About this task: After finding the line containing "#8913 = ORIENTED_EDGE" below, please output that line and each following one through the line containing "#10653 = DIRECTION", exactly as written.

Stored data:
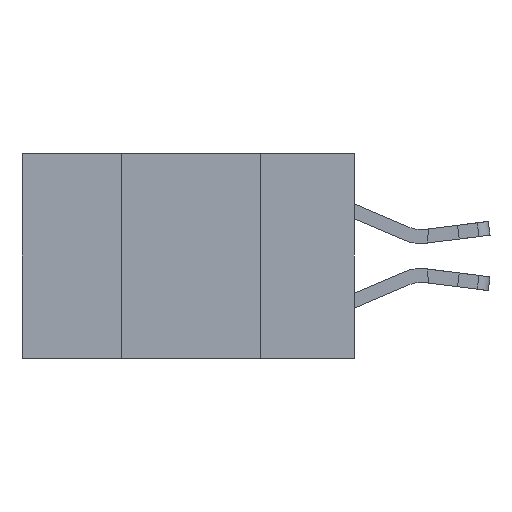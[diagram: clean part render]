
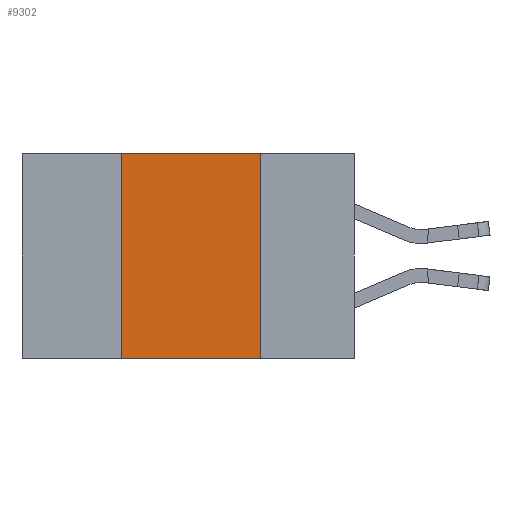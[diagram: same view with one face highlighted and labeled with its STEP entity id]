
A CAD part, left-side view. The second image highlights one B-rep face of the part: STEP entity #9302.
In plain terms, the highlighted planar face has unit normal (-1, 0, 0).
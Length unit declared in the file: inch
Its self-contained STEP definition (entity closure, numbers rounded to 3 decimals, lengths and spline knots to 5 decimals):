
#416 = LINE ( 'NONE', #11524, #7045 ) ;
#682 = ORIENTED_EDGE ( 'NONE', *, *, #14690, .F. ) ;
#764 = VERTEX_POINT ( 'NONE', #19403 ) ;
#1807 = LINE ( 'NONE', #17231, #12130 ) ;
#1903 = EDGE_CURVE ( 'NONE', #20372, #19761, #1807, .T. ) ;
#2138 = CARTESIAN_POINT ( 'NONE',  ( 0., 0.17, -0.37 ) ) ;
#4079 = LINE ( 'NONE', #2138, #17020 ) ;
#4123 = CARTESIAN_POINT ( 'NONE',  ( 0., 0.6, 0. ) ) ;
#5284 = DIRECTION ( 'NONE',  ( 0., -1., 0. ) ) ;
#5585 = PLANE ( 'NONE',  #8623 ) ;
#7045 = VECTOR ( 'NONE', #5284, 39.37008 ) ;
#8623 = AXIS2_PLACEMENT_3D ( 'NONE', #4123, #10653, #15131 ) ;
#8913 = ORIENTED_EDGE ( 'NONE', *, *, #1903, .T. ) ;
#9302 = ADVANCED_FACE ( 'NONE', ( #18545 ), #5585, .F. ) ;
#9923 = VERTEX_POINT ( 'NONE', #18318 ) ;
#10533 = CARTESIAN_POINT ( 'NONE',  ( 0., 0.17, -0.37 ) ) ;
#10653 = DIRECTION ( 'NONE',  ( 1., 0., 0. ) ) ;
#10737 = DIRECTION ( 'NONE',  ( 0., 0., 1. ) ) ;
#11524 = CARTESIAN_POINT ( 'NONE',  ( 0., 0.6, 0. ) ) ;
#12074 = DIRECTION ( 'NONE',  ( 0., 0., -1. ) ) ;
#12130 = VECTOR ( 'NONE', #17345, 39.37008 ) ;
#12304 = LINE ( 'NONE', #18838, #12408 ) ;
#12408 = VECTOR ( 'NONE', #10737, 39.37008 ) ;
#13642 = EDGE_CURVE ( 'NONE', #764, #9923, #416, .T. ) ;
#14690 = EDGE_CURVE ( 'NONE', #9923, #19761, #4079, .T. ) ;
#15131 = DIRECTION ( 'NONE',  ( 0., 0., -1. ) ) ;
#15789 = EDGE_CURVE ( 'NONE', #20372, #764, #12304, .T. ) ;
#17020 = VECTOR ( 'NONE', #12074, 39.37008 ) ;
#17231 = CARTESIAN_POINT ( 'NONE',  ( 0., 0.6, -0.37 ) ) ;
#17248 = EDGE_LOOP ( 'NONE', ( #682, #18206, #17879, #8913 ) ) ;
#17345 = DIRECTION ( 'NONE',  ( 0., -1., 0. ) ) ;
#17879 = ORIENTED_EDGE ( 'NONE', *, *, #15789, .F. ) ;
#18206 = ORIENTED_EDGE ( 'NONE', *, *, #13642, .F. ) ;
#18318 = CARTESIAN_POINT ( 'NONE',  ( 0., 0.17, 0. ) ) ;
#18545 = FACE_OUTER_BOUND ( 'NONE', #17248, .T. ) ;
#18838 = CARTESIAN_POINT ( 'NONE',  ( 0., 0.42, -0.37 ) ) ;
#19117 = CARTESIAN_POINT ( 'NONE',  ( 0., 0.42, -0.37 ) ) ;
#19403 = CARTESIAN_POINT ( 'NONE',  ( 0., 0.42, 0. ) ) ;
#19761 = VERTEX_POINT ( 'NONE', #10533 ) ;
#20372 = VERTEX_POINT ( 'NONE', #19117 ) ;

Reply to the task:
#8913 = ORIENTED_EDGE ( 'NONE', *, *, #1903, .T. ) ;
#9302 = ADVANCED_FACE ( 'NONE', ( #18545 ), #5585, .F. ) ;
#9923 = VERTEX_POINT ( 'NONE', #18318 ) ;
#10533 = CARTESIAN_POINT ( 'NONE',  ( 0., 0.17, -0.37 ) ) ;
#10653 = DIRECTION ( 'NONE',  ( 1., 0., 0. ) ) ;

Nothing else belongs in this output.